# TASK TO COMPLETE
Give the records again in full, exactly as they appear, but without the pictures.

# MATERIAL TO PROCESS
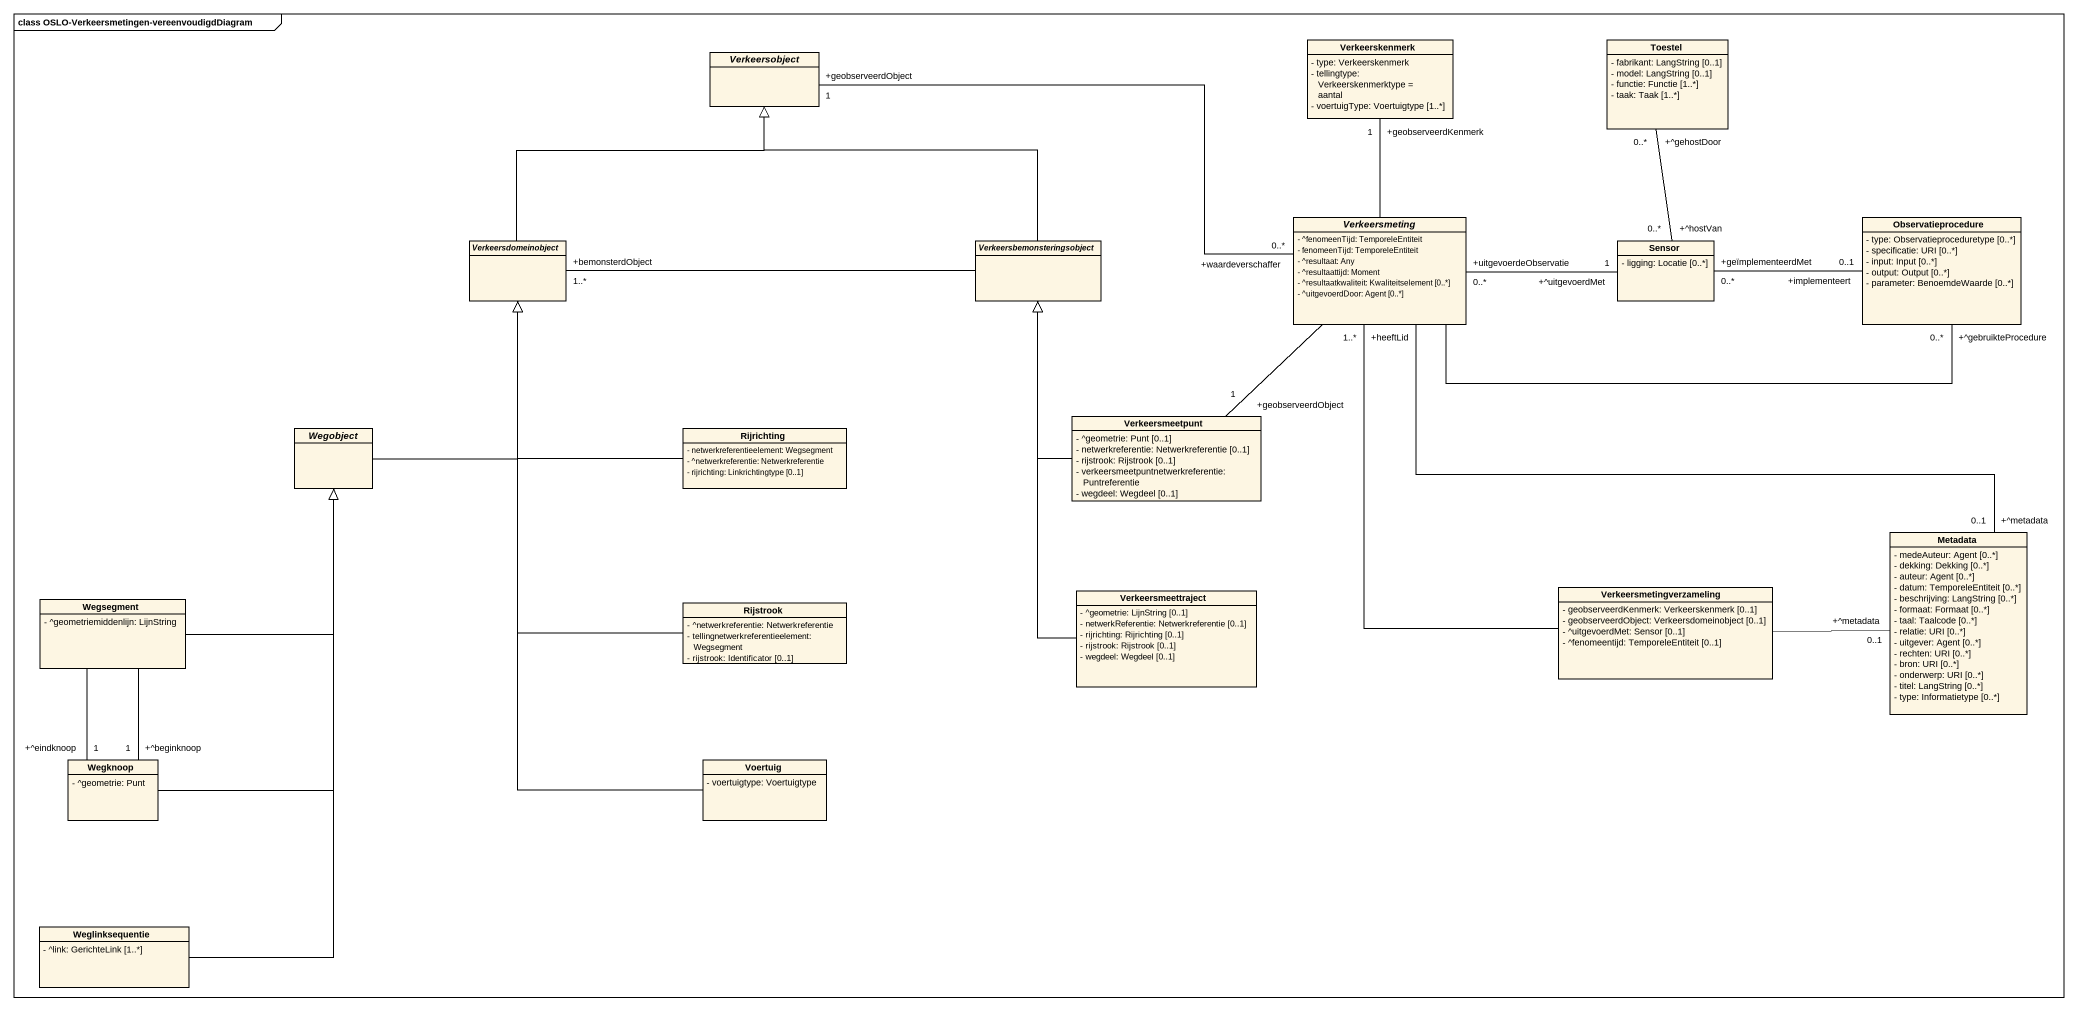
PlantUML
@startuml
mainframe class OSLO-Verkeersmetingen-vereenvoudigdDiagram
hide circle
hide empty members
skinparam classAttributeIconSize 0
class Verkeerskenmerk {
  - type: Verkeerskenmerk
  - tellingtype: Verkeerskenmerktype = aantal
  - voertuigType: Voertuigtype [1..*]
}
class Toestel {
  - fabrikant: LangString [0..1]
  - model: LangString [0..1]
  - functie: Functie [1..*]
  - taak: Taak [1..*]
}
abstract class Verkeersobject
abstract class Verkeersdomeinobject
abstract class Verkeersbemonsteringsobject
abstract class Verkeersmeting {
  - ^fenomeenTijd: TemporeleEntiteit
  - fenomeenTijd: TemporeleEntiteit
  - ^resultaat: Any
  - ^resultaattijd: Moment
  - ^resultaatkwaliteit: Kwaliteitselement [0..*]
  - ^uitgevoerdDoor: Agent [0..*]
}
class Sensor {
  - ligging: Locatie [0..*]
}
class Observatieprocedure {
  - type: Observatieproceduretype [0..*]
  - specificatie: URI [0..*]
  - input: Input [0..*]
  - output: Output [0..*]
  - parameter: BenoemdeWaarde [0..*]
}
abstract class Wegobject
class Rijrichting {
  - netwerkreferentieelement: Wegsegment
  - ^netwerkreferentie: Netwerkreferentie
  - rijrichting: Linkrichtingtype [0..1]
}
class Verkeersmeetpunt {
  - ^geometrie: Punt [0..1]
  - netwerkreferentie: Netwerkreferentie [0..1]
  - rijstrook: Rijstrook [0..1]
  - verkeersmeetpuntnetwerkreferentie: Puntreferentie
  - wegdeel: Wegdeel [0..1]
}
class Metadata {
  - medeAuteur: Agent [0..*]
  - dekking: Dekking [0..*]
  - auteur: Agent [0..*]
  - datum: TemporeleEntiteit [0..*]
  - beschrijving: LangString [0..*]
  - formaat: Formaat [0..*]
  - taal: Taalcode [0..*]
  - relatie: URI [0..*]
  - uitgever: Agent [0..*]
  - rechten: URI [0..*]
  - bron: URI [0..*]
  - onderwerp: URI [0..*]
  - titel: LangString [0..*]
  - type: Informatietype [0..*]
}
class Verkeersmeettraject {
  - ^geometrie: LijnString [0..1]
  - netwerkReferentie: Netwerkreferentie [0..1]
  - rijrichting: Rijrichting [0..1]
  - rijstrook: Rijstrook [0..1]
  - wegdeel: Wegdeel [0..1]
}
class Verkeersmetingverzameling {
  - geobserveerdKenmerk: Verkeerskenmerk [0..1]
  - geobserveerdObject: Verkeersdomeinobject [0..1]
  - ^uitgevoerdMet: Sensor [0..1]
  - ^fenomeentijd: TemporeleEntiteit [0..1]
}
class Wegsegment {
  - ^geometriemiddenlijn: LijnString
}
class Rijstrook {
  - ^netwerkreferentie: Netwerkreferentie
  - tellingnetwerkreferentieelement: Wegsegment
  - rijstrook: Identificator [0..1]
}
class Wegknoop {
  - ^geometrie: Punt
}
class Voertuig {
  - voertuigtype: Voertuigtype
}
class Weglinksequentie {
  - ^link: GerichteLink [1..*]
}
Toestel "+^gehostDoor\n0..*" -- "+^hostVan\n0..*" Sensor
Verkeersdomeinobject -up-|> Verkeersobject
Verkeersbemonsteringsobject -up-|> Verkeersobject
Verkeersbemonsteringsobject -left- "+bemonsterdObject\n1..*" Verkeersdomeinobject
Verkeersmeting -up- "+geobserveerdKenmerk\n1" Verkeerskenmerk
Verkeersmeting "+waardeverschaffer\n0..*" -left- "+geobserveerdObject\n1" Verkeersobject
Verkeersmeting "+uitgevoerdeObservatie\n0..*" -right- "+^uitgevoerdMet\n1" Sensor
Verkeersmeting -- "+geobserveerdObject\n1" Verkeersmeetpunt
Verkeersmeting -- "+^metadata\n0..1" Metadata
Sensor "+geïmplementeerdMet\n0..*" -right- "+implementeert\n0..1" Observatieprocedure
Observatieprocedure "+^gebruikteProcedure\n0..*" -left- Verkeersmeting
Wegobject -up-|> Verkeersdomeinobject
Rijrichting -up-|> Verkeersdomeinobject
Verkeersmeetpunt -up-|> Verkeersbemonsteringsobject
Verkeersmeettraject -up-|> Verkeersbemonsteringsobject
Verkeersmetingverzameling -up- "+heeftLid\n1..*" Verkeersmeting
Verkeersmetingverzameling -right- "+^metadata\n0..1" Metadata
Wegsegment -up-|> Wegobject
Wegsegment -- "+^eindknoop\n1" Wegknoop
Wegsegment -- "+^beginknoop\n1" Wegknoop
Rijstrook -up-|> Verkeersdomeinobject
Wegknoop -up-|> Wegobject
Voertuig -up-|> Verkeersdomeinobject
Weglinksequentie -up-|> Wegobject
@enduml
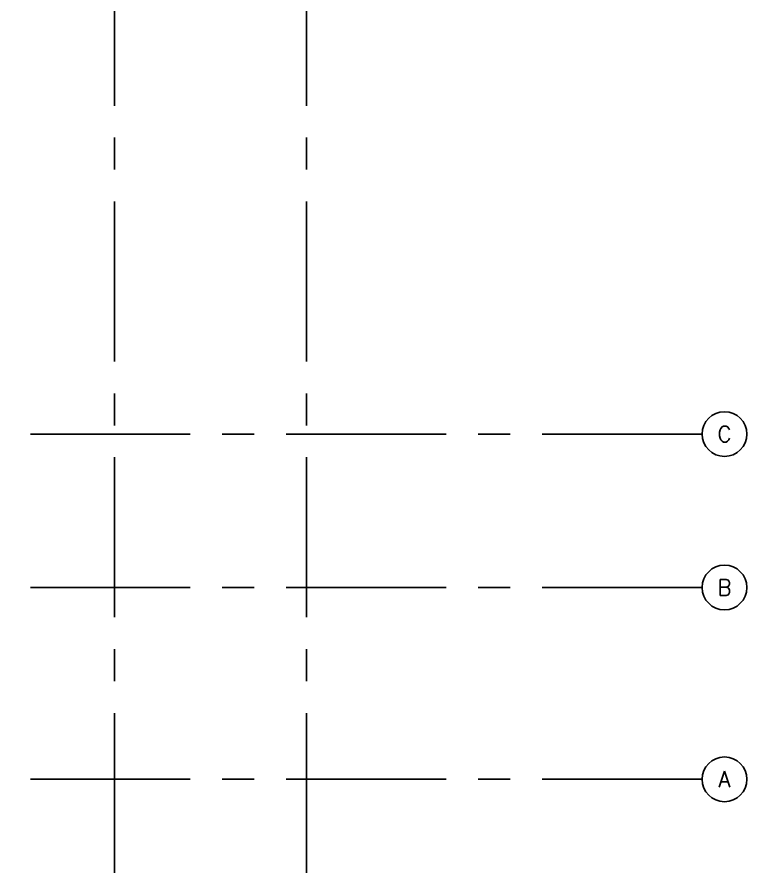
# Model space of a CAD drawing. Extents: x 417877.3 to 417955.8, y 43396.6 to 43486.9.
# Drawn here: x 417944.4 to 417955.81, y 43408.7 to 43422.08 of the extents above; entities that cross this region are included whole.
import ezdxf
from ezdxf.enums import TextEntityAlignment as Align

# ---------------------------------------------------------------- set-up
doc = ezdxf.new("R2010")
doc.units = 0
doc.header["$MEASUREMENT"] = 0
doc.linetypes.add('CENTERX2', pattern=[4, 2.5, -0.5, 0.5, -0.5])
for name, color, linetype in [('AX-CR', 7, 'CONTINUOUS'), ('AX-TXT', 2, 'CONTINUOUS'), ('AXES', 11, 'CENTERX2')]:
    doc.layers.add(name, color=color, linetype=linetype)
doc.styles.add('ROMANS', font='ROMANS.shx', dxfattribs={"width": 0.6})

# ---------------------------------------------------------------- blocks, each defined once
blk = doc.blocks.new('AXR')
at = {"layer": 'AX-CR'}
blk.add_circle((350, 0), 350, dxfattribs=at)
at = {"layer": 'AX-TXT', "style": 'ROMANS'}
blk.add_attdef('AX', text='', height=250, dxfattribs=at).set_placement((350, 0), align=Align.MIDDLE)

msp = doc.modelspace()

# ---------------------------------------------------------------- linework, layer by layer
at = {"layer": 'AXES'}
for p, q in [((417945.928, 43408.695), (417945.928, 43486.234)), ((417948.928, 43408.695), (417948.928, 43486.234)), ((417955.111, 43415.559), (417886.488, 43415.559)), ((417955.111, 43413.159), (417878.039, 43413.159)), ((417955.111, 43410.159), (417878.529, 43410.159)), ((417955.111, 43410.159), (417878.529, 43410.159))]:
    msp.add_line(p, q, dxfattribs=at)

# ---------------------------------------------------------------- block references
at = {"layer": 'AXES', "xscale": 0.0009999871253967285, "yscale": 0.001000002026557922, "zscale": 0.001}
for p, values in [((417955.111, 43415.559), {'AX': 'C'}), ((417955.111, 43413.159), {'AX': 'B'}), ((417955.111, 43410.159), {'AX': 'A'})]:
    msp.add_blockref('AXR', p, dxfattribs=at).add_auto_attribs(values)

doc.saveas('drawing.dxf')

# WRITTEN ANSWER
PlantUML
@startuml
mainframe class OSLO-Verkeersmetingen-vereenvoudigdDiagram
hide circle
hide empty members
skinparam classAttributeIconSize 0
class Verkeerskenmerk {
  - type: Verkeerskenmerk
  - tellingtype: Verkeerskenmerktype = aantal
  - voertuigType: Voertuigtype [1..*]
}
class Toestel {
  - fabrikant: LangString [0..1]
  - model: LangString [0..1]
  - functie: Functie [1..*]
  - taak: Taak [1..*]
}
abstract class Verkeersobject
abstract class Verkeersdomeinobject
abstract class Verkeersbemonsteringsobject
abstract class Verkeersmeting {
  - ^fenomeenTijd: TemporeleEntiteit
  - fenomeenTijd: TemporeleEntiteit
  - ^resultaat: Any
  - ^resultaattijd: Moment
  - ^resultaatkwaliteit: Kwaliteitselement [0..*]
  - ^uitgevoerdDoor: Agent [0..*]
}
class Sensor {
  - ligging: Locatie [0..*]
}
class Observatieprocedure {
  - type: Observatieproceduretype [0..*]
  - specificatie: URI [0..*]
  - input: Input [0..*]
  - output: Output [0..*]
  - parameter: BenoemdeWaarde [0..*]
}
abstract class Wegobject
class Rijrichting {
  - netwerkreferentieelement: Wegsegment
  - ^netwerkreferentie: Netwerkreferentie
  - rijrichting: Linkrichtingtype [0..1]
}
class Verkeersmeetpunt {
  - ^geometrie: Punt [0..1]
  - netwerkreferentie: Netwerkreferentie [0..1]
  - rijstrook: Rijstrook [0..1]
  - verkeersmeetpuntnetwerkreferentie: Puntreferentie
  - wegdeel: Wegdeel [0..1]
}
class Metadata {
  - medeAuteur: Agent [0..*]
  - dekking: Dekking [0..*]
  - auteur: Agent [0..*]
  - datum: TemporeleEntiteit [0..*]
  - beschrijving: LangString [0..*]
  - formaat: Formaat [0..*]
  - taal: Taalcode [0..*]
  - relatie: URI [0..*]
  - uitgever: Agent [0..*]
  - rechten: URI [0..*]
  - bron: URI [0..*]
  - onderwerp: URI [0..*]
  - titel: LangString [0..*]
  - type: Informatietype [0..*]
}
class Verkeersmeettraject {
  - ^geometrie: LijnString [0..1]
  - netwerkReferentie: Netwerkreferentie [0..1]
  - rijrichting: Rijrichting [0..1]
  - rijstrook: Rijstrook [0..1]
  - wegdeel: Wegdeel [0..1]
}
class Verkeersmetingverzameling {
  - geobserveerdKenmerk: Verkeerskenmerk [0..1]
  - geobserveerdObject: Verkeersdomeinobject [0..1]
  - ^uitgevoerdMet: Sensor [0..1]
  - ^fenomeentijd: TemporeleEntiteit [0..1]
}
class Wegsegment {
  - ^geometriemiddenlijn: LijnString
}
class Rijstrook {
  - ^netwerkreferentie: Netwerkreferentie
  - tellingnetwerkreferentieelement: Wegsegment
  - rijstrook: Identificator [0..1]
}
class Wegknoop {
  - ^geometrie: Punt
}
class Voertuig {
  - voertuigtype: Voertuigtype
}
class Weglinksequentie {
  - ^link: GerichteLink [1..*]
}
Toestel "+^gehostDoor\n0..*" -- "+^hostVan\n0..*" Sensor
Verkeersdomeinobject -up-|> Verkeersobject
Verkeersbemonsteringsobject -up-|> Verkeersobject
Verkeersbemonsteringsobject -left- "+bemonsterdObject\n1..*" Verkeersdomeinobject
Verkeersmeting -up- "+geobserveerdKenmerk\n1" Verkeerskenmerk
Verkeersmeting "+waardeverschaffer\n0..*" -left- "+geobserveerdObject\n1" Verkeersobject
Verkeersmeting "+uitgevoerdeObservatie\n0..*" -right- "+^uitgevoerdMet\n1" Sensor
Verkeersmeting -- "+geobserveerdObject\n1" Verkeersmeetpunt
Verkeersmeting -- "+^metadata\n0..1" Metadata
Sensor "+geïmplementeerdMet\n0..*" -right- "+implementeert\n0..1" Observatieprocedure
Observatieprocedure "+^gebruikteProcedure\n0..*" -left- Verkeersmeting
Wegobject -up-|> Verkeersdomeinobject
Rijrichting -up-|> Verkeersdomeinobject
Verkeersmeetpunt -up-|> Verkeersbemonsteringsobject
Verkeersmeettraject -up-|> Verkeersbemonsteringsobject
Verkeersmetingverzameling -up- "+heeftLid\n1..*" Verkeersmeting
Verkeersmetingverzameling -right- "+^metadata\n0..1" Metadata
Wegsegment -up-|> Wegobject
Wegsegment -- "+^eindknoop\n1" Wegknoop
Wegsegment -- "+^beginknoop\n1" Wegknoop
Rijstrook -up-|> Verkeersdomeinobject
Wegknoop -up-|> Wegobject
Voertuig -up-|> Verkeersdomeinobject
Weglinksequentie -up-|> Wegobject
@enduml
# Model space of a CAD drawing. Extents: x 417877.3 to 417955.8, y 43396.6 to 43486.9.
# Drawn here: x 417944.4 to 417955.81, y 43408.7 to 43422.08 of the extents above; entities that cross this region are included whole.
import ezdxf
from ezdxf.enums import TextEntityAlignment as Align

# ---------------------------------------------------------------- set-up
doc = ezdxf.new("R2010")
doc.units = 0
doc.header["$MEASUREMENT"] = 0
doc.linetypes.add('CENTERX2', pattern=[4, 2.5, -0.5, 0.5, -0.5])
for name, color, linetype in [('AX-CR', 7, 'CONTINUOUS'), ('AX-TXT', 2, 'CONTINUOUS'), ('AXES', 11, 'CENTERX2')]:
    doc.layers.add(name, color=color, linetype=linetype)
doc.styles.add('ROMANS', font='ROMANS.shx', dxfattribs={"width": 0.6})

# ---------------------------------------------------------------- blocks, each defined once
blk = doc.blocks.new('AXR')
at = {"layer": 'AX-CR'}
blk.add_circle((350, 0), 350, dxfattribs=at)
at = {"layer": 'AX-TXT', "style": 'ROMANS'}
blk.add_attdef('AX', text='', height=250, dxfattribs=at).set_placement((350, 0), align=Align.MIDDLE)

msp = doc.modelspace()

# ---------------------------------------------------------------- linework, layer by layer
at = {"layer": 'AXES'}
for p, q in [((417945.928, 43408.695), (417945.928, 43486.234)), ((417948.928, 43408.695), (417948.928, 43486.234)), ((417955.111, 43415.559), (417886.488, 43415.559)), ((417955.111, 43413.159), (417878.039, 43413.159)), ((417955.111, 43410.159), (417878.529, 43410.159)), ((417955.111, 43410.159), (417878.529, 43410.159))]:
    msp.add_line(p, q, dxfattribs=at)

# ---------------------------------------------------------------- block references
at = {"layer": 'AXES', "xscale": 0.0009999871253967285, "yscale": 0.001000002026557922, "zscale": 0.001}
for p, values in [((417955.111, 43415.559), {'AX': 'C'}), ((417955.111, 43413.159), {'AX': 'B'}), ((417955.111, 43410.159), {'AX': 'A'})]:
    msp.add_blockref('AXR', p, dxfattribs=at).add_auto_attribs(values)

doc.saveas('drawing.dxf')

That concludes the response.